The parallelogram is the general primitive cell for the plane.

A 2-dimensional primitive cell is a parallelogram, which in special cases may have orthogonal angles, or equal lengths, or both.

 Parallelogram(Monoclinic) Rhombus(Orthorhombic) Rectangle(Orthorhombic) Square(Tetragonal)

## Three dimensions

### Parallelepiped

A parallelepiped is a general primitive cell for 3-dimensional space.

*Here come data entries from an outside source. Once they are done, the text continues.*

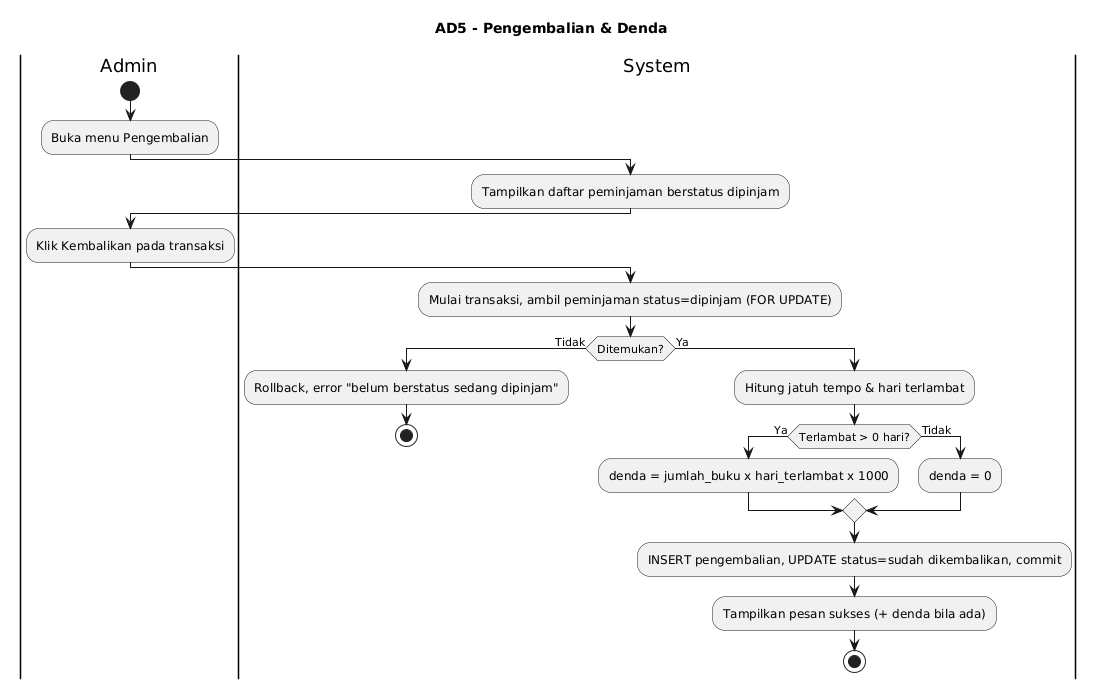

The diagram above was rendered by PlantUML. Its source (embedded in the PNG):
@startuml
title AD5 - Pengembalian & Denda

|Admin|
start
:Buka menu Pengembalian;

|System|
:Tampilkan daftar peminjaman berstatus dipinjam;

|Admin|
:Klik Kembalikan pada transaksi;

|System|
:Mulai transaksi, ambil peminjaman status=dipinjam (FOR UPDATE);
if (Ditemukan?) then (Tidak)
  :Rollback, error "belum berstatus sedang dipinjam";
  stop
else (Ya)
  :Hitung jatuh tempo & hari terlambat;
  if (Terlambat > 0 hari?) then (Ya)
    :denda = jumlah_buku x hari_terlambat x 1000;
  else (Tidak)
    :denda = 0;
  endif
  :INSERT pengembalian, UPDATE status=sudah dikembalikan, commit;
  :Tampilkan pesan sukses (+ denda bila ada);
  stop
endif
@enduml

The primitive translation vectors a1, a2, a3 span a lattice cell of smallest volume for a particular three-dimensional lattice, and are used to define a crystal translation vector

${\displaystyle {\vec {T}}=u_{1}{\vec {a}}_{1}+u_{2}{\vec {a}}_{2}+u_{3}{\vec {a}}_{3},}$

where u1, u2, u3 are integers, translation by which leaves the lattice invariant.[2] That is, for a point in the lattice r, the arrangement of points appears the same from r′ = r + T as from r.[3]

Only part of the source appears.